作品のイメージを担うデザインと情報伝達の役目を両立するために
『ペルソナ』シリーズのUIは、作品をリードするグラフィックデザインを構築する役目と、情報伝達というUI本来の役目を両立し、“(タイトルを)価値あるゲームとしてパッケージングする”という重要なミッションを担っている、と須藤氏。そんなUIを作るうえで重要なのは、まず“色”。人間の印象に強く残るものは色であり、それゆえ、まずメインカラーを決める。そのメインカラーが決まる段階で、タイトルロゴもできており、キーフォントも決まっているのだそうだ。
つぎに決めるのは、サブカラー。『ペルソナ3』では、ゲーム内で重要な存在である“月齢”の黄色をサブカラーとして使い、重要な情報がわかりやすいようにした。『ペルソナ4』では多色ストライプ(物語のカギを握る“テレビ”からイメージしたもの)と、その派手さに負けない色である黒が使われている。 ただ、『ペルソナ5』では、とにかく情熱的な赤を目立たせるため、極力サブカラーは入れないことにしたという。
『ペルソナ5』のコンセプトは“ポップパンク”。ポップは“大衆志向”、パンクは“反体制”を示すものだ。
情報認識、視線誘導を阻害せずに、ダイナミックで動的なデザインを実現するため、須藤氏が利用したもののひとつが“視線の性質”だ。人は、線を追って視線を動かす性質がある。そこで、メニュー画面を開いたとき、中央に白いラインを引いて、視線誘導の役割を与えた。 また、下の階層に移動するときは、レイアウトやアングルを変えて、階層認識のしやすさを意識。また、重要な情報がわかりやすいよう、流動的に明度が変わるように調整。優先度の高い情報のスペースは明度が高くなり、そうでない情報のスペースは明度が低くなる仕組みになっている。

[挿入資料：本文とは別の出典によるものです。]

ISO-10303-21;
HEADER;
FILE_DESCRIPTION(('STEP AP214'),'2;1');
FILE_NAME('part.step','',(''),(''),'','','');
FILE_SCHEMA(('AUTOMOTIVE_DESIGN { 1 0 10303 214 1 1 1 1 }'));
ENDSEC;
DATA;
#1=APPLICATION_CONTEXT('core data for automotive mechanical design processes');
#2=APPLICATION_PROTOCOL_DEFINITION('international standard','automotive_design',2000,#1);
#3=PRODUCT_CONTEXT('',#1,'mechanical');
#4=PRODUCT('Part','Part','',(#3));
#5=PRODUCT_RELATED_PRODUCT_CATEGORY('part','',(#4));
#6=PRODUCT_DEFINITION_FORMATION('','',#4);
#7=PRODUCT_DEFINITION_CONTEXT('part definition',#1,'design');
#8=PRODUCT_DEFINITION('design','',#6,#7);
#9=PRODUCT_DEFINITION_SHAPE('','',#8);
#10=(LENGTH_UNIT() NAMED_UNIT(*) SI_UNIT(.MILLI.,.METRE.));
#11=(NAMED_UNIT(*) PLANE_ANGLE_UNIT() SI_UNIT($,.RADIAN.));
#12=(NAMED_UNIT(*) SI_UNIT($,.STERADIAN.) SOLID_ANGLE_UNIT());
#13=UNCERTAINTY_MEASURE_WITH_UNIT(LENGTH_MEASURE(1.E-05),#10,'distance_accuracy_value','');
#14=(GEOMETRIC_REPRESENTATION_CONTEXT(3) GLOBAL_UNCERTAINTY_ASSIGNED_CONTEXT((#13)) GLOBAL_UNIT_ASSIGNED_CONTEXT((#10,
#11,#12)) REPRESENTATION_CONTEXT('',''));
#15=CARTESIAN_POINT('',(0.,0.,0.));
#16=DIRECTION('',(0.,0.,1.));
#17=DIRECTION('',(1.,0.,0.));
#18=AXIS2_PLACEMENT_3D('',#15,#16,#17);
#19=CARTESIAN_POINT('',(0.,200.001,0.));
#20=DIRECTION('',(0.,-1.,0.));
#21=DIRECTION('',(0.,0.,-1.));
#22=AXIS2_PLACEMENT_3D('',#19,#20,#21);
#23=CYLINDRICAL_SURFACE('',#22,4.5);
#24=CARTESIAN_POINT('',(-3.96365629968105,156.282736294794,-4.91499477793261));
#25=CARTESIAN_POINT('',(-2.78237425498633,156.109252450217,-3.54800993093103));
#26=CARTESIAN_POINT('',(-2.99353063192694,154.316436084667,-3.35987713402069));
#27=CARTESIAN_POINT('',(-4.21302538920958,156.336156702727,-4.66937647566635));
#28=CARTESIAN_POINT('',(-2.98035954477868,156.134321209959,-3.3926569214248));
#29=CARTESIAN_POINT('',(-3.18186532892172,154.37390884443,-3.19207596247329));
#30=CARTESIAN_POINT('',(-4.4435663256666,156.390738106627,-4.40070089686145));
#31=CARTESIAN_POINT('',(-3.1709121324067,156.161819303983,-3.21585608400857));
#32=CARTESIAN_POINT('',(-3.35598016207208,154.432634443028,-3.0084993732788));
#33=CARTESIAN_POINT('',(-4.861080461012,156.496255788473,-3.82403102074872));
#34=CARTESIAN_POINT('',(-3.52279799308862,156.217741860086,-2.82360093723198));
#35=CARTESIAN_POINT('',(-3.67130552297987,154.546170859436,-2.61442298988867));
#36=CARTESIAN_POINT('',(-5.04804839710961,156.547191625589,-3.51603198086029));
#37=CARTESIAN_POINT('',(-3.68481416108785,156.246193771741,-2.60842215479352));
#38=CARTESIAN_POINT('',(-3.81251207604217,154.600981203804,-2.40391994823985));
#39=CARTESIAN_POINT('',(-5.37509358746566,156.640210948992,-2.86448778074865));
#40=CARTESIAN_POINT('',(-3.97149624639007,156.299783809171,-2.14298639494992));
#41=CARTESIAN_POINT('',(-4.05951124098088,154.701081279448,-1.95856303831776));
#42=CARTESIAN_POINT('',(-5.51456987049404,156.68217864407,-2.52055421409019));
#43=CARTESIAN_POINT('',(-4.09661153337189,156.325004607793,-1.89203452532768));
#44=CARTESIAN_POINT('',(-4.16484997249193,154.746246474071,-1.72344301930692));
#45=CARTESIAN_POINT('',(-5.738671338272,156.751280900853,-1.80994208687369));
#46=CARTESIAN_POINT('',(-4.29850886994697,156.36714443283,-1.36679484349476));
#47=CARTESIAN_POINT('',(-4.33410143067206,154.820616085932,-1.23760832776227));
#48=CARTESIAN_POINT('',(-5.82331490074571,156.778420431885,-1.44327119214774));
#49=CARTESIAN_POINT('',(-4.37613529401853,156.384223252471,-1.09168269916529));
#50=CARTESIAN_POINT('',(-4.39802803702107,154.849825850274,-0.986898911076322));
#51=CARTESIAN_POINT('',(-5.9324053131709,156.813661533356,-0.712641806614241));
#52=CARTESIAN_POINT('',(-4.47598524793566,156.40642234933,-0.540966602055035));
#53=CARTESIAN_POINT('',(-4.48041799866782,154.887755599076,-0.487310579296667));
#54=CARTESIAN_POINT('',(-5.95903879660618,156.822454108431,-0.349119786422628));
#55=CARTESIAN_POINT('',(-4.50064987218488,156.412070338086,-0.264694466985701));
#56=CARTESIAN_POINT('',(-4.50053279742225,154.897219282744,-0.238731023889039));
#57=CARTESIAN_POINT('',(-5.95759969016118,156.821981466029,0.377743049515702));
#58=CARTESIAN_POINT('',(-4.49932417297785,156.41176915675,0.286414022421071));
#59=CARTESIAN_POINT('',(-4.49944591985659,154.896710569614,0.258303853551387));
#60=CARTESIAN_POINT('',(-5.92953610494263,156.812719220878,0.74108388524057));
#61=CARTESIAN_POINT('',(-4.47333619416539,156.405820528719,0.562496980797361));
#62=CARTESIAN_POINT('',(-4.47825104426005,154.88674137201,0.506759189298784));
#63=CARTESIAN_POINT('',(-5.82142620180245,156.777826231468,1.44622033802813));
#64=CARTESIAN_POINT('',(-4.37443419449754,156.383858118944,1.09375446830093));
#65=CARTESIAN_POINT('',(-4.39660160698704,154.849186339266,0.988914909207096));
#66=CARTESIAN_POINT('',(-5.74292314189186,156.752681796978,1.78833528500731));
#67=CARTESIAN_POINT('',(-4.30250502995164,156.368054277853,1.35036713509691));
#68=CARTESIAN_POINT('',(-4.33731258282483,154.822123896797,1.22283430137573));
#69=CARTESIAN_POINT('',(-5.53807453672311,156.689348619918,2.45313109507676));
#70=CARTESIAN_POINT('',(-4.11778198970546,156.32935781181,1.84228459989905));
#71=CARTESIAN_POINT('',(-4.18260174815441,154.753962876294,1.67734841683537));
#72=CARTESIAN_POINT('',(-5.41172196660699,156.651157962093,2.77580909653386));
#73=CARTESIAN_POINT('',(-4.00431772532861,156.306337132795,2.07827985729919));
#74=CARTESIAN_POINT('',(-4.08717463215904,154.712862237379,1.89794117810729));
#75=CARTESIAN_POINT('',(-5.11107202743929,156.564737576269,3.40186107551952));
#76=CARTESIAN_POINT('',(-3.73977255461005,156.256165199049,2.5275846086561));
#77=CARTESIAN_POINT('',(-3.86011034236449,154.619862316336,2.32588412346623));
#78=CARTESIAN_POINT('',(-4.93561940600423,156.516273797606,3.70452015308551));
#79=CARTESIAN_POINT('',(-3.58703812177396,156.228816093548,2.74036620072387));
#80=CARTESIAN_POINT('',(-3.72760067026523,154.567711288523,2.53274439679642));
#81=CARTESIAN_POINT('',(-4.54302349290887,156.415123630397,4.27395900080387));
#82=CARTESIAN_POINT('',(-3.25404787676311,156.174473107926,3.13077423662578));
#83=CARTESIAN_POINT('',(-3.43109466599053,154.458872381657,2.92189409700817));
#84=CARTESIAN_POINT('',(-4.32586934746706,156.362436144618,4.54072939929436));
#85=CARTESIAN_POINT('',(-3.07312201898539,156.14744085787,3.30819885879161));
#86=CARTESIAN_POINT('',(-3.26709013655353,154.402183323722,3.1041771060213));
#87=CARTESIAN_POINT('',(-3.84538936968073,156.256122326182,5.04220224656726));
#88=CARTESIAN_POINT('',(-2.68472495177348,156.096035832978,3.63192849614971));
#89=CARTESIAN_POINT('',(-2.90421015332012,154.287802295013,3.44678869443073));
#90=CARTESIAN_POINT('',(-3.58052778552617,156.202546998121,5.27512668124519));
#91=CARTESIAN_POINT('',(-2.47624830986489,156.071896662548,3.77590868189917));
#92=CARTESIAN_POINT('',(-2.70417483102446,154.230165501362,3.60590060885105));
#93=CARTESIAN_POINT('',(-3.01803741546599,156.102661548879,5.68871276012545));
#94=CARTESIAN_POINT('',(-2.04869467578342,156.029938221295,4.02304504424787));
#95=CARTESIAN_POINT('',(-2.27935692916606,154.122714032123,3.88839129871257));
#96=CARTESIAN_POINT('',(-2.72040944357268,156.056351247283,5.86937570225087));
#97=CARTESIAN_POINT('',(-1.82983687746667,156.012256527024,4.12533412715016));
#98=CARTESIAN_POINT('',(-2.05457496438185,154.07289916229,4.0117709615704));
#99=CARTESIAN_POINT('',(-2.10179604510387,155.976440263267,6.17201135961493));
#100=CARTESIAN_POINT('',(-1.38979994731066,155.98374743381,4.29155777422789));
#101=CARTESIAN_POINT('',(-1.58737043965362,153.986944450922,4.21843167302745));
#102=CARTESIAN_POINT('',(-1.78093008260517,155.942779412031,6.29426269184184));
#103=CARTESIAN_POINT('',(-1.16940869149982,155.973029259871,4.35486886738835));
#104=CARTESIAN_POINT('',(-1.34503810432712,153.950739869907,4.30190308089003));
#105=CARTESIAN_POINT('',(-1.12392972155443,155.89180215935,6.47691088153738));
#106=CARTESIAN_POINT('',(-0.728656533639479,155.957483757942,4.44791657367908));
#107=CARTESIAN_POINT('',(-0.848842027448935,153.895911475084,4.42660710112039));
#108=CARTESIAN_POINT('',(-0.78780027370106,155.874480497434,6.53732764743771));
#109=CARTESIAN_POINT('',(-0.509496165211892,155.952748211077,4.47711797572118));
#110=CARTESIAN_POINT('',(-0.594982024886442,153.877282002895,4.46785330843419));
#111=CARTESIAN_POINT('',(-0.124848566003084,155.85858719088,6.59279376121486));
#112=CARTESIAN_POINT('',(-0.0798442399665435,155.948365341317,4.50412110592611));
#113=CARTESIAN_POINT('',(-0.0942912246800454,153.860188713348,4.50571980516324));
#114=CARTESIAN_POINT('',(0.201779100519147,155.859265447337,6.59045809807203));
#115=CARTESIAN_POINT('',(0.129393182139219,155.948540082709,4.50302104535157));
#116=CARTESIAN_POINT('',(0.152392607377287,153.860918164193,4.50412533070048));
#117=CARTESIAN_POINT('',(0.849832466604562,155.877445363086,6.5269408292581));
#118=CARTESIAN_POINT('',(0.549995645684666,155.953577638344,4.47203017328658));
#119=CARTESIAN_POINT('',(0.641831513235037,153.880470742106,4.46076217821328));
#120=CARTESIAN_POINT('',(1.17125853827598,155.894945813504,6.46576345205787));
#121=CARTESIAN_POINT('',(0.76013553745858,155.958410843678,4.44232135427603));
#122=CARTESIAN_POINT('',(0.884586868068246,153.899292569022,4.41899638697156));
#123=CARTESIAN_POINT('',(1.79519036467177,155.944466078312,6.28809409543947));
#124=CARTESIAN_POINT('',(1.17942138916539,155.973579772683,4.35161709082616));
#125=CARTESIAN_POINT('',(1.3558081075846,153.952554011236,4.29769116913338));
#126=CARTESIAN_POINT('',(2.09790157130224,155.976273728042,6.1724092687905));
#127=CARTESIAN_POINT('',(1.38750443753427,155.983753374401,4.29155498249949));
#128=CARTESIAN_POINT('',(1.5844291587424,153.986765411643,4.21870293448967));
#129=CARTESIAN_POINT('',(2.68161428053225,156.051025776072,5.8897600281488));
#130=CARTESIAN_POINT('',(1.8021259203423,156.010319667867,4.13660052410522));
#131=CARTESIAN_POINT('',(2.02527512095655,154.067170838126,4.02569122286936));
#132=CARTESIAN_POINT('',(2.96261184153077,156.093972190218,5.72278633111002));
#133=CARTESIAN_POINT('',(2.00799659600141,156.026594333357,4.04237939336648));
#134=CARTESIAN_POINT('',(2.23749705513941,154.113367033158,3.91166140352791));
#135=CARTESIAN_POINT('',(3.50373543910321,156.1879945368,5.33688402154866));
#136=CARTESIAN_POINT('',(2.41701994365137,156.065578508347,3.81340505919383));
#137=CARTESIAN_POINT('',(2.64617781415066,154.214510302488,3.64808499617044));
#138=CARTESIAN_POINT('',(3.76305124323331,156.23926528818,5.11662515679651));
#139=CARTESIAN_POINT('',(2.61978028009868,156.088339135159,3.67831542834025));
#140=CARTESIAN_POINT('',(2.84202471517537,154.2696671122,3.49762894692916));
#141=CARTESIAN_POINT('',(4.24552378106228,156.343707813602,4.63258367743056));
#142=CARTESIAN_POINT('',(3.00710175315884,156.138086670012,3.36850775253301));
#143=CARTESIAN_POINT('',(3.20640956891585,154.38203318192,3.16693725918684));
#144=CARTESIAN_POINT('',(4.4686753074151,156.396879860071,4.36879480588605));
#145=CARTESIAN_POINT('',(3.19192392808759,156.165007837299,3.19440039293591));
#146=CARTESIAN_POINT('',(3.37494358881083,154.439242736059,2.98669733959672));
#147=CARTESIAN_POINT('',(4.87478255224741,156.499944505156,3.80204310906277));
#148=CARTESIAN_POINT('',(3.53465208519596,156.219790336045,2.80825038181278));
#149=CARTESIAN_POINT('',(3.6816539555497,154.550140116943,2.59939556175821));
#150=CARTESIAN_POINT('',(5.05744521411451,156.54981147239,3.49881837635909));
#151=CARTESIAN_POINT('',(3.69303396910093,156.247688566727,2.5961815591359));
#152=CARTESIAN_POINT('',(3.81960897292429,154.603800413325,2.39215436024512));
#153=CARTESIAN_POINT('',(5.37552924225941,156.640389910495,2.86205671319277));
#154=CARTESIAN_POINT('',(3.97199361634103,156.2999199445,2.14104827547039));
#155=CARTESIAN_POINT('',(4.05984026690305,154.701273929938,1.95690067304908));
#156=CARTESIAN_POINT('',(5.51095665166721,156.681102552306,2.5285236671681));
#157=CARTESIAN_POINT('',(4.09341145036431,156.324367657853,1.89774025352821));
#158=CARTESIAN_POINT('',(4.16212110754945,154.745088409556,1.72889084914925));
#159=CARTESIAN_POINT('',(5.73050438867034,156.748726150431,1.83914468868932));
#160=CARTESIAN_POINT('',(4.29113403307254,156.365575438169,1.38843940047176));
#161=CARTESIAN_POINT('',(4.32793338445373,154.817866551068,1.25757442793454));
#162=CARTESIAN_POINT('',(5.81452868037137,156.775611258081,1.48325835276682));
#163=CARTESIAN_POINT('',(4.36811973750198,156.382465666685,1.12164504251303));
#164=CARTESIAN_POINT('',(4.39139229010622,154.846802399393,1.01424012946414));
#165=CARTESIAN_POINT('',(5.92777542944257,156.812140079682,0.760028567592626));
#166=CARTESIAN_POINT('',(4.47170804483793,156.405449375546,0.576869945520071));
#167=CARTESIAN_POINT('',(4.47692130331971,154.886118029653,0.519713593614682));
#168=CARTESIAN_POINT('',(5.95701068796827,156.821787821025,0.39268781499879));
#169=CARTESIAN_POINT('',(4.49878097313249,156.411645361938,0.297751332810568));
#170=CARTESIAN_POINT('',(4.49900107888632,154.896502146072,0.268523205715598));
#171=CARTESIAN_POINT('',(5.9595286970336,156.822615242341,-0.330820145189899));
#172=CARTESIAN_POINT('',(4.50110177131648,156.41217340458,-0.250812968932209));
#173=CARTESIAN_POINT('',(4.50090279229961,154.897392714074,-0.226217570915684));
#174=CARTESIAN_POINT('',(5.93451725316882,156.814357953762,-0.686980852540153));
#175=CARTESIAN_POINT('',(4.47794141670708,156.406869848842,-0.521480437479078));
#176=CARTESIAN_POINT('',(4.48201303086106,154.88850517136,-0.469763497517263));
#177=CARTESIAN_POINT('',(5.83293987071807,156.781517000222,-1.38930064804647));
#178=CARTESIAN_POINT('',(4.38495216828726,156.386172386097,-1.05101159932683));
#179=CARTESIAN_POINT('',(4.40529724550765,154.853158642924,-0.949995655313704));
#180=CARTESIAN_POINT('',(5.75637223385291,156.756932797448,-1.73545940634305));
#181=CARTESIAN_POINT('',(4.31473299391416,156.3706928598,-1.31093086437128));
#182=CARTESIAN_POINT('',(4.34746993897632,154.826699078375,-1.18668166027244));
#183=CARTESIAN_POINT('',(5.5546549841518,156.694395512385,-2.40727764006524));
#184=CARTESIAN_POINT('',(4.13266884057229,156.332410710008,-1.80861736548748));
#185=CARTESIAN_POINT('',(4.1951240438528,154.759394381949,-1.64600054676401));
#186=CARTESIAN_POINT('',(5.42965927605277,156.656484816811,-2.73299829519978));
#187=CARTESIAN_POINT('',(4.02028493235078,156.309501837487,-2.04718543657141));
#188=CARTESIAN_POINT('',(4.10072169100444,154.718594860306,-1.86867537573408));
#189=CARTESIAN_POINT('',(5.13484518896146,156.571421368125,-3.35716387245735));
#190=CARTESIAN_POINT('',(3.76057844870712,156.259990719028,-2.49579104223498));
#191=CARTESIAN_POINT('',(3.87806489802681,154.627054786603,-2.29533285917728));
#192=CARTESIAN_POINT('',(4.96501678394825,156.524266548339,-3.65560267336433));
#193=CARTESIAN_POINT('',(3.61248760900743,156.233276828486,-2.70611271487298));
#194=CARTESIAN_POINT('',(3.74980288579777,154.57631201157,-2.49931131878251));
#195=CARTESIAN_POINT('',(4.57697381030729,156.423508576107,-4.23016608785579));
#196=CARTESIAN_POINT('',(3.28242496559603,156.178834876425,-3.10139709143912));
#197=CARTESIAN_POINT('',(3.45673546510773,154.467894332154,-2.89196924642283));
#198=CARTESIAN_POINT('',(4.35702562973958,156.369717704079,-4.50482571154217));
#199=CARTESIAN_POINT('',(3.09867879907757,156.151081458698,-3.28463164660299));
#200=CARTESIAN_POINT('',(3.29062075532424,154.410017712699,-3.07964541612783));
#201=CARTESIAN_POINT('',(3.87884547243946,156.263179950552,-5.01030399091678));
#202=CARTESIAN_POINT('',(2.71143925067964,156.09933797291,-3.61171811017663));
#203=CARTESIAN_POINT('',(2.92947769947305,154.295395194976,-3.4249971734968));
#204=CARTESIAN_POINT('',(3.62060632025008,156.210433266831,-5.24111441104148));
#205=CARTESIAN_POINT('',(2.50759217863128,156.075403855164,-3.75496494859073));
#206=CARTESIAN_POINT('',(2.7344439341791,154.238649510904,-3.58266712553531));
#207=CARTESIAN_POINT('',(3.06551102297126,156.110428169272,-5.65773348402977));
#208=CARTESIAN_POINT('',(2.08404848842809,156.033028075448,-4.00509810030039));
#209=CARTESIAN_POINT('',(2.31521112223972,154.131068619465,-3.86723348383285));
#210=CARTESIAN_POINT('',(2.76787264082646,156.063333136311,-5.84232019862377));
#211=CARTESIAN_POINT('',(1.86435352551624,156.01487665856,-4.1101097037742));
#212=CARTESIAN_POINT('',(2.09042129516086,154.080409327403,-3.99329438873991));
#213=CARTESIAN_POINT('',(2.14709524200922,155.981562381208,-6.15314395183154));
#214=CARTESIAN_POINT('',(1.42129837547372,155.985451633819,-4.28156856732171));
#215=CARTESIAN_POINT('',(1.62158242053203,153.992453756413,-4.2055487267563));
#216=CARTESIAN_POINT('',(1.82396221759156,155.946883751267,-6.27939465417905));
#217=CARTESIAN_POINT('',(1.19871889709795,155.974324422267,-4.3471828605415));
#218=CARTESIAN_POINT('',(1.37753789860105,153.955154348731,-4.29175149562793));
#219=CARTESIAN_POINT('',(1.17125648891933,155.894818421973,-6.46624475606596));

紙ベースで仕様書を用意して(その数、1000枚以上だとか)データを実装してもらうのは、古いやりかたかもしれない……と須藤氏。だが、デザイナーだけでUIの挙動を決めてしまうと、その人ひとりがいいと思っているものにしかならない。プログラマーの手を経て、プログラマーのアイデアが入る余地を残すことが、UIのクオリティーアップにつながるのだと語った。 最後に、“直感的に、さりげなく誘導する”UIを今後も作っていきたい、と須藤氏は抱負を語る。その“さりげなく”の中に“遊び心”であったり“驚き”であったり……そういう意味も込めていき、UIをグラフィカルなエンターテインメントに押し上げていけたら……と述べ、セッションを締めくくった。全文はコチラ
全文はこれの2倍位の量になりますので、お時間がある時にでもどうぞ。色々と考えられた末に、あのようなデザインになったんですね。デザイン先行とも思われがちですが、むしろ機能美と言ったほうが近いのかもしれません。こうなると、P6のカラーがすごく気になってきますね!